The linear velocity sensor contains a magnetic system consisting of a permanent magnet 1, a magnetic circuit 2, on which a fixed inductor 3 is placed with leads a ₁ and b ₁ . The gap between the magnet 1 and the core of the magnetic circuit 2 includes a movable inductor 4 with leads c ₁ and d ₁ . A key 5 is included in the circuit of the movable inductance coil 4, allowing shorting the terminals c ₁ and d ₁ .

The sensor is equipped with an additional magnetic system in the form of an additional permanent magnet 6, an additional fixed inductor 7 with leads a ₂ and b ₂ , located on the second core of the magnetic circuit 2, an additional movable inductor 8 with leads c ₂ and d ₂ , which can move in air the gap of the additional magnetic system. An additional switch 9 is included in the circuit of the movable inductor 8 for shorting the terminals c ₂ and d ₂ .

 The linear speed sensor operates as follows.

 The movable inductors 4 and 8 are attached to the moving objects under study (not shown), and the magnetic systems are attached to the stationary object, relative to which the studied objects are moving so that the movable inductors 4 and 8 can move freely in the gap between the corresponding magnets 1 and 6 and the core of the magnetic circuit 2. At the same time, over the entire investigated movement of a moving object, the moving inductance coils should not leave the gap between magnets 1 and 6 of the core of the magnetic circuit 2.

When studying the law of changing the speed of one or another object, the keys 5 and 9 are open, and voltages proportional to the speed of movement of the corresponding objects are removed from the terminals c ₁ and d ₁ , as well as c ₂ and d _{2 of the} moving inductors 4 and 8 of the inductance.

 When differential coils 4 and 8 are switched on, a signal proportional to the algebraic sum of the speeds of moving objects is removed from their output terminals.

When studying the law of change of acceleration, keys 5 and 9 are closed. In this case, the signals proportional to the acceleration of moving objects are removed from the conclusions a ₁ and b ₁ , as well as a ₂ and b _{2 of the} fixed coils 3 and 7.

 With the differential connection of inductors 3 and 7, a signal proportional to the algebraic sum of the displacements of the objects under study is removed from their output terminals.
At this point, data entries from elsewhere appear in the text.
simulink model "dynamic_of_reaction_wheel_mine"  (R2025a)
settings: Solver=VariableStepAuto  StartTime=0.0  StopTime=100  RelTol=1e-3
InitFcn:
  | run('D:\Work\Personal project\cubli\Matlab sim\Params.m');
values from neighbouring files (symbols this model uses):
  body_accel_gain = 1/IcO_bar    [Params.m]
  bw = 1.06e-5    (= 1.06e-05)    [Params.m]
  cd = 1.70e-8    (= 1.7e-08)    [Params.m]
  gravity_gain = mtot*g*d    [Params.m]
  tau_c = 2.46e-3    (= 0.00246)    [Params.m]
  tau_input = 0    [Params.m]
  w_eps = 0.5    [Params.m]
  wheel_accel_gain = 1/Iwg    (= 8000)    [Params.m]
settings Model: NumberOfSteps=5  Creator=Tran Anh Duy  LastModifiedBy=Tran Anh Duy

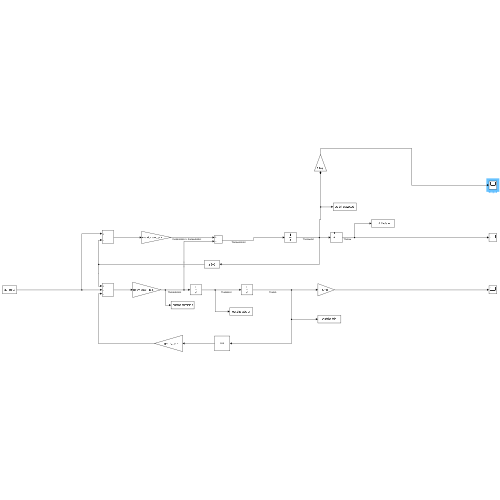
[thumbnail: Simulink's stored preview of the top-level diagram]
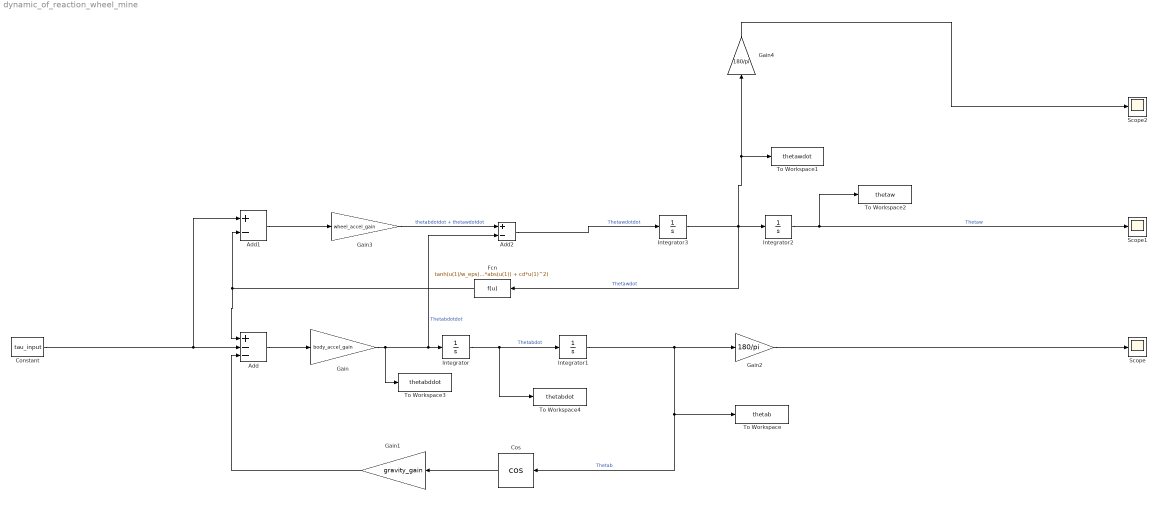
== system dynamic_of_reaction_wheel_mine ==
  Add : Sum  Inputs=+--
  Add1 : Sum  Inputs=+-
  Add2 : Sum  Inputs=+-
  Constant : Constant  Value=tau_input
  Cos : Trigonometry  Operator=cos
  Fcn : Fcn  Expr=tanh(u(1)/w_eps)*(tau_c + bw*abs(u(1)) + cd*u(1)^2)
  Gain : Gain  Gain=body_accel_gain
  Gain1 : Gain  Gain=gravity_gain
  Gain2 : Gain  Gain=180/pi
  Gain3 : Gain  Gain=wheel_accel_gain
  Gain4 : Gain  Gain=180/pi
  Integrator : Integrator
  Integrator1 : Integrator  InitialCondition=45*pi/180
  Integrator2 : Integrator
  Integrator3 : Integrator
  Scope : Scope
      settings: ActiveDisplayYMinimum=-244.71925559248353  ActiveDisplayYMaximum=40.890610031872
  Scope1 : Scope
      settings: ActiveDisplayYMinimum=-3.1325052749787066  ActiveDisplayYMaximum=5.1190465729474406
  Scope2 : Scope
      settings: ActiveDisplayYMinimum=-1032.0434772028864  ActiveDisplayYMaximum=927.47312287227248  DataLoggingVariableName=ScopeData2
  To Workspace : ToWorkspace  VariableName=thetab  SampleTime=-1
  To Workspace1 : ToWorkspace  VariableName=thetawdot  SampleTime=-1
  To Workspace2 : ToWorkspace  VariableName=thetaw  SaveFormat=Timeseries  SampleTime=-1
  To Workspace3 : ToWorkspace  VariableName=thetabddot  SampleTime=-1
  To Workspace4 : ToWorkspace  VariableName=thetabdot  SampleTime=-1
  wires:
  Add/1 -> Gain/1
  Gain/1 -> To Workspace3/1, Add2/2, Integrator/1  "Thetabdotdot"
  Integrator/1 -> To Workspace4/1, Integrator1/1  "Thetabdot"
  Integrator1/1 -> To Workspace/1, Cos/1, Gain2/1  "Thetab"
  Gain1/1 -> Add/3
  Constant/1 -> Add1/1, Add/2
  Integrator3/1 -> Fcn/1, Integrator2/1, Gain4/1, To Workspace1/1  "Thetawdot"
  Integrator2/1 -> To Workspace2/1, Scope1/1  "Thetaw"
  Add1/1 -> Gain3/1
  Cos/1 -> Gain1/1
  Gain2/1 -> Scope/1
  Fcn/1 -> Add/1, Add1/2
  Gain4/1 -> Scope2/1
  Gain3/1 -> Add2/1  "thetabdotdot + thetawdotdot"
  Add2/1 -> Integrator3/1  "Thetawdotdot"

а ускорение - первая производная скорости по времени

или вторая производная пути по времени

данный датчик может быть использован в математических приборах, решающих задачи методами высшей математики.Given that speed is the first time derivative of a path

and acceleration is the first time derivative of speed

or second time derivative of the path

This sensor can be used in mathematical devices that solve problems by methods of higher mathematics.

Claims (1)

 Linear speed and acceleration sensor containing a magnetic system consisting of a permanent magnet and a magnetic circuit, two inductors mounted coaxially on the core of the magnetic circuit, one of which has the ability to linearly move in the air gap of the magnetic system, and the second is fixedly mounted on the core of the magnetic circuit, characterized in that the sensor is equipped with an additional magnetic system in the form of a permanent magnet, the poles of the same name directed opposite to the poles of the main magnetic system, and two there are additional inductors, and the magnetic circuit is equipped with an additional rod on which one of the additional inductors is fixedly mounted, the other additional inductor has the ability to move in the air gap of the additional magnetic system, while the stationary inductors are differentially connected, and the inductors having the ability to move in the gaps of the corresponding magnetic systems are included differentially.